On parle toujours de lui, mais il n'est pas forcément le plus rapide du monde sur le papier. Des joueurs comme Kyle Walker, Alphonso Davies ou même Sven Botman ont enregistré des vitesses de pointe similaires, voire supérieures, sur de courtes séquences. Le truc, c'est que Mbappé utilise sa vitesse plus intelligemment. Il sait quand déclencher son appel, comment utiliser l'espace. C'est cette "vitesse utile" qui donne l'impression qu'il est intouchable. Mais si on organisait un 100 mètres à l'entraînement au Real Madrid ou au PSG, il n'est même pas certain qu'il gagnerait à tous les coups contre un latéral explosif ou un ailier de 20 ans aux jambes de feu.

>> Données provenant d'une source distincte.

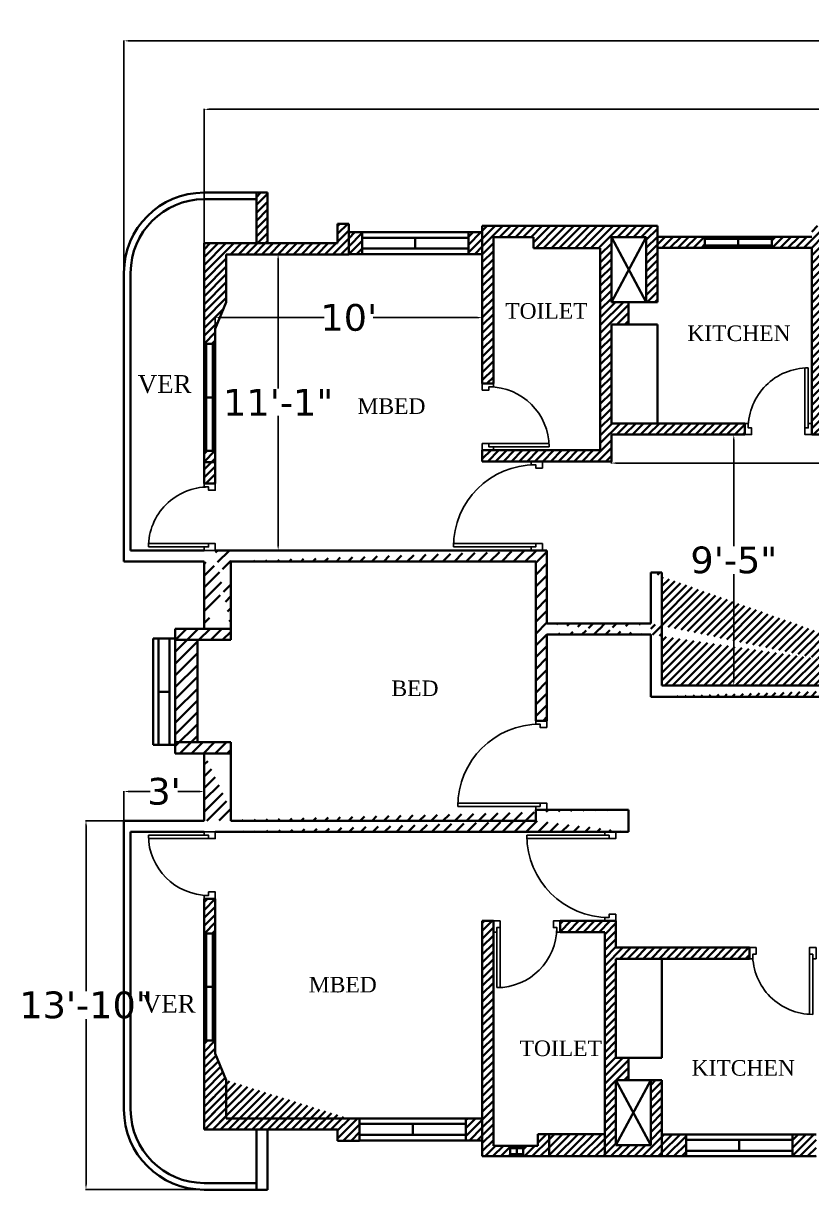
# Model space of a CAD drawing. Header units: inches. Extents: x 95 to 71413, y -8 to 51098.
# Drawn here: x 1284 to 1638, y 490 to 1014 of the extents above; entities that cross this region are included whole.
import ezdxf
from ezdxf.enums import TextEntityAlignment as Align

# ---------------------------------------------------------------- set-up
doc = ezdxf.new("R2010")
doc.units = ezdxf.units.IN
doc.header["$MEASUREMENT"] = 0
for name, color, linetype, lineweight in [('dim', 4, 'Continuous', 18), ('Hatch', 202, 'Continuous', 40), ('Text', 7, 'Continuous', 15), ('wall', 7, 'Continuous', 40), ('Window', 7, 'Continuous', 40)]:
    doc.layers.add(name, color=color, linetype=linetype, lineweight=lineweight)
doc.layers.add('door', color=114, linetype='Continuous')
doc.styles.add('SH-T2', font='times.ttf')
doc.styles.get("Standard").update_dxf_attribs({"font": 'verdana.ttf', "height": 12})
doc.dimstyles.get("Standard").update_dxf_attribs({"dimtxt": 0.18, "dimasz": 2.18, "dimexe": 0.18, "dimexo": 0.0625, "dimgap": 0.09, "dimtad": 0, "dimtih": 1, "dimtoh": 1, "dimdec": 0, "dimzin": 0, "dimdsep": 46, "dimlunit": 4, "dimtxsty": 'Standard', "dimcen": 0.09, "dimadec": 0, "dimazin": 0, "dimtfac": 1, "dimtdec": 0, "dimtofl": 0, "dimtmove": 0, "dimatfit": 3, "dimfxl": 0.18, "dimtolj": 1, "dimtzin": 0, "dimarcsym": 0})

# ---------------------------------------------------------------- blocks, each defined once
blk = doc.blocks.new('DOOR-40')
at = {"layer": 'door', "linetype": 'ByBlock'}
for p, q in [((-3, 38.5), (-40, 38.5)), ((-3, 37), (-39.97, 37))]:
    blk.add_line(p, q, dxfattribs=at)
for points in [[(0, 40), (-5, 40), (-5, 38.5), (-3, 38.5), (-3, 37), (0, 37)], [(0, 0), (-5, 0), (-5, 1.5), (-3, 1.5), (-3, 3), (0, 3)]]:
    blk.add_lwpolyline(points, close=True, dxfattribs=at)
blk.add_arc((-3, 38.5), 37, 180, 270, dxfattribs=at)
blk = doc.blocks.new('DOOR-30')
at = {"layer": 'door', "linetype": 'ByBlock'}
for p, q in [((3, 28.5), (30, 28.5)), ((3, 27), (29.96, 27))]:
    blk.add_line(p, q, dxfattribs=at)
for points in [[(0, 30), (5, 30), (5, 28.5), (3, 28.5), (3, 27), (0, 27)], [(0, 0), (5, 0), (5, 1.5), (3, 1.5), (3, 3), (0, 3)]]:
    blk.add_lwpolyline(points, close=True, dxfattribs=at)
blk.add_arc((3, 28.5), 27, 270, 0, dxfattribs=at)
blk = doc.blocks.new('*D84')
at = {"layer": 'Defpoints', "color": 0, "transparency": 16777216}
for p in [(1328.78, 1005.96), (2445.72, 935.4), (1328.78, 901.75)]:
    blk.add_point(p, dxfattribs=at)
at = {"layer": 'dim', "color": 0, "lineweight": -2, "transparency": 16777216}
for p, q in [((1328.78, 901.81), (1328.78, 1006.14)), ((1330.96, 1005.96), (1862.8, 1005.96)), ((2443.54, 1005.96), (1911.69, 1005.96)), ((2445.72, 935.46), (2445.72, 1006.14))]:
    blk.add_line(p, q, dxfattribs=at)
at = {"layer": 'dim', "color": 0, "transparency": 16777216}
for points in [[(1330.96, 1006.33), (1330.96, 1005.6), (1328.78, 1005.96)], [(2443.54, 1006.33), (2443.54, 1005.6), (2445.72, 1005.96)]]:
    blk.add_solid(points, dxfattribs=at)
at = {"layer": 'dim', "color": 0, "transparency": 16777216, "insert": (1887.25, 1005.96), "char_height": 12, "attachment_point": 5}
blk.add_mtext('\\A1;93\'-1"', dxfattribs=at)
blk = doc.blocks.new('*D87')
at = {"layer": 'Defpoints', "color": 0, "transparency": 16777216}
for p in [(2407.52, 975.19), (1364.78, 914.97), (2407.52, 881.59)]:
    blk.add_point(p, dxfattribs=at)
at = {"layer": 'dim', "color": 0, "lineweight": -2, "transparency": 16777216}
for p, q in [((1364.78, 915.04), (1364.78, 975.37)), ((1366.96, 975.19), (1856.49, 975.19)), ((2405.34, 975.19), (1915.81, 975.19)), ((2407.52, 881.65), (2407.52, 975.37))]:
    blk.add_line(p, q, dxfattribs=at)
at = {"layer": 'dim', "color": 0, "transparency": 16777216}
for points in [[(1366.96, 975.55), (1366.96, 974.82), (1364.78, 975.19)], [(2405.34, 975.55), (2405.34, 974.82), (2407.52, 975.19)]]:
    blk.add_solid(points, dxfattribs=at)
at = {"layer": 'dim', "color": 0, "transparency": 16777216, "insert": (1886.15, 975.19), "char_height": 12, "attachment_point": 5}
blk.add_mtext('\\A1;86\'-11"', dxfattribs=at)
blk = doc.blocks.new('*D91')
at = {"layer": 'Defpoints', "color": 0, "transparency": 16777216}
for p in [(1489.78, 881.56), (1369.78, 858.1), (1489.78, 858.1)]:
    blk.add_point(p, dxfattribs=at)
at = {"layer": 'dim', "color": 0, "lineweight": -2, "transparency": 16777216}
for p, q in [((1369.78, 858.16), (1369.78, 881.74)), ((1371.96, 881.56), (1418.76, 881.56)), ((1487.6, 881.56), (1440.8, 881.56)), ((1489.78, 858.16), (1489.78, 881.74))]:
    blk.add_line(p, q, dxfattribs=at)
at = {"layer": 'dim', "color": 0, "transparency": 16777216}
for points in [[(1371.96, 881.92), (1371.96, 881.19), (1369.78, 881.56)], [(1487.6, 881.92), (1487.6, 881.19), (1489.78, 881.56)]]:
    blk.add_solid(points, dxfattribs=at)
at = {"layer": 'dim', "color": 0, "transparency": 16777216, "insert": (1429.78, 881.56), "char_height": 12, "attachment_point": 5}
blk.add_mtext("\\A1;10'", dxfattribs=at)
blk = doc.blocks.new('*D92')
at = {"layer": 'Defpoints', "color": 0, "transparency": 16777216}
for p in [(1432.8, 910.08), (1398.06, 776.96), (1432.8, 776.96)]:
    blk.add_point(p, dxfattribs=at)
at = {"layer": 'dim', "color": 0, "lineweight": -2, "transparency": 16777216}
for p, q in [((1432.74, 910.08), (1397.88, 910.08)), ((1398.06, 907.9), (1398.06, 849.63)), ((1398.06, 779.14), (1398.06, 837.41)), ((1432.74, 776.96), (1397.88, 776.96))]:
    blk.add_line(p, q, dxfattribs=at)
at = {"layer": 'dim', "color": 0, "transparency": 16777216}
for points in [[(1397.69, 907.9), (1398.42, 907.9), (1398.06, 910.08)], [(1397.69, 779.14), (1398.42, 779.14), (1398.06, 776.96)]]:
    blk.add_solid(points, dxfattribs=at)
at = {"layer": 'dim', "color": 0, "transparency": 16777216, "insert": (1398.06, 843.52), "char_height": 12, "attachment_point": 5}
blk.add_mtext('\\A1;11\'-1"', dxfattribs=at)
blk = doc.blocks.new('*D99')
at = {"layer": 'Defpoints', "color": 0, "transparency": 16777216}
for p in [(1601.84, 828.96), (1601.84, 716.17), (1602.77, 716.17)]:
    blk.add_point(p, dxfattribs=at)
at = {"layer": 'dim', "color": 0, "lineweight": -2, "transparency": 16777216}
for p, q in [((1601.91, 828.96), (1602.95, 828.96)), ((1602.77, 826.78), (1602.77, 778.9)), ((1602.77, 718.35), (1602.77, 766.23)), ((1601.91, 716.17), (1602.95, 716.17))]:
    blk.add_line(p, q, dxfattribs=at)
at = {"layer": 'dim', "color": 0, "transparency": 16777216}
for points in [[(1602.41, 826.78), (1603.13, 826.78), (1602.77, 828.96)], [(1602.41, 718.35), (1603.13, 718.35), (1602.77, 716.17)]]:
    blk.add_solid(points, dxfattribs=at)
at = {"layer": 'dim', "color": 0, "transparency": 16777216, "insert": (1602.77, 772.56), "char_height": 12, "attachment_point": 5}
blk.add_mtext('\\A1;9\'-5"', dxfattribs=at)
blk = doc.blocks.new('*D100')
at = {"layer": 'Defpoints', "color": 0, "transparency": 16777216}
for p in [(1547.78, 816.96), (1836.78, 816.17), (1836.78, 816.17)]:
    blk.add_point(p, dxfattribs=at)
at = {"layer": 'dim', "color": 0, "lineweight": -2, "transparency": 16777216}
for p, q in [((1547.78, 816.89), (1547.78, 815.99)), ((1549.96, 816.17), (1668.02, 816.17)), ((1834.6, 816.17), (1716.53, 816.17)), ((1836.78, 816.23), (1836.78, 816.35))]:
    blk.add_line(p, q, dxfattribs=at)
at = {"layer": 'dim', "color": 0, "transparency": 16777216}
for points in [[(1549.96, 816.53), (1549.96, 815.81), (1547.78, 816.17)], [(1834.6, 816.53), (1834.6, 815.81), (1836.78, 816.17)]]:
    blk.add_solid(points, dxfattribs=at)
at = {"layer": 'dim', "color": 0, "transparency": 16777216, "insert": (1692.28, 816.17), "char_height": 12, "attachment_point": 5}
blk.add_mtext('\\A1;24\'-1"', dxfattribs=at)
blk = doc.blocks.new('*D104')
at = {"layer": 'Defpoints', "color": 0, "transparency": 16777216}
for p in [(1328.78, 668.55), (1328.78, 655.39), (1364.78, 655.39)]:
    blk.add_point(p, dxfattribs=at)
at = {"layer": 'dim', "color": 0, "lineweight": -2, "transparency": 16777216}
for p, q in [((1328.78, 655.45), (1328.78, 668.73)), ((1330.96, 668.55), (1340.56, 668.55)), ((1362.6, 668.55), (1353, 668.55)), ((1364.78, 655.45), (1364.78, 668.73))]:
    blk.add_line(p, q, dxfattribs=at)
at = {"layer": 'dim', "color": 0, "transparency": 16777216}
for points in [[(1330.96, 668.92), (1330.96, 668.19), (1328.78, 668.55)], [(1362.6, 668.92), (1362.6, 668.19), (1364.78, 668.55)]]:
    blk.add_solid(points, dxfattribs=at)
at = {"layer": 'dim', "color": 0, "transparency": 16777216, "insert": (1346.78, 668.55), "char_height": 12, "attachment_point": 5}
blk.add_mtext("\\A1;3'", dxfattribs=at)
blk = doc.blocks.new('*D105')
at = {"layer": 'Defpoints', "color": 0, "transparency": 16777216}
for p in [(1328.53, 655.39), (1311.73, 489.71), (1361.8, 489.71)]:
    blk.add_point(p, dxfattribs=at)
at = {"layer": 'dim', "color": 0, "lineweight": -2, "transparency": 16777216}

La science de la foulée : pourquoi Bolt reste le roi
Pour aller vite, il faut passer le moins de temps possible au sol. Bolt passait environ 0,07 seconde en contact avec la piste à chaque foulée. Mbappé, sur gazon, passe beaucoup plus de temps au sol à cause de la déformation du terrain et de la nécessité de garder un appui stable pour le ballon. Cette différence de "temps de contact" est la clé de la vitesse pure. Tant que Mbappé devra courir sur de l'herbe, il sera physiquement incapable de s'approcher des standards de l'athlétisme mondial. C'est une limite biomécanique simple : l'herbe est une ennemie de la vitesse.
Questions fréquentes sur la vitesse de Mbappé
Quel est le temps estimé de Mbappé sur 100 mètres ?
Honnêtement, c'est flou, mais les spécialistes estiment qu'avec une préparation spécifique, il pourrait tourner autour de 10,40 ou 10,50 secondes. C'est le niveau d'un excellent sprinteur régional ou d'un bon espoir national, mais c'est encore à des années-lumière des 9,58 de Bolt. Pour vous donner un ordre de grandeur, 10,50 secondes, c'est finir 10 mètres derrière Bolt sur la ligne d'arrivée.
Mbappé est-il le joueur le plus rapide de l'histoire du football ?
C'est difficile à dire car les mesures GPS n'existaient pas dans les années 70 ou 80. Cependant, des joueurs comme Claudio Caniggia ou Ronaldo Nazario étaient réputés pour des pointes de vitesse phénoménales. Mbappé est certainement dans le top 5 historique, mais il partage ce trône avec quelques autres monstres de puissance.
Pourquoi Mbappé semble-t-il plus rapide que les autres sur le terrain ?
Ce n'est pas seulement sa vitesse de pointe, c'est sa capacité à maintenir une haute vitesse tout en changeant de direction. La plupart des joueurs ralentissent énormément dès qu'ils doivent contourner un adversaire. Mbappé, lui, garde 90% de sa vitesse même en courbe. C'est ce qui crée ce décalage visuel si impressionnant avec les défenseurs qui semblent soudainement arrêtés.
Verdict : Un génie du foot, pas un sprinteur olympique
Vouloir comparer Mbappé à Usain Bolt, c'est un peu comme comparer un chef étoilé à un pâtissier de génie. Les deux travaillent en cuisine, mais ils ne font pas le même métier. Mbappé est un athlète hybride, capable d'explosions de vitesse répétées dans un environnement chaotique et tactique. Bolt était une machine de précision conçue pour un effort unique de moins de dix secondes dans un couloir rectiligne. Le Français est sans doute l'un des footballeurs les plus rapides de tous les temps, et c'est déjà une performance extraordinaire en soi. Mais face à la foudre jamaïcaine, le gamin de Bondy reste un simple mortel. La prochaine fois que vous verrez Mbappé humilier un défenseur sur un sprint, admirez la performance footballistique, mais gardez en tête que sur une piste, Usain Bolt aurait déjà eu le temps de ralentir et de célébrer avant même que Kylian ne franchisse la ligne.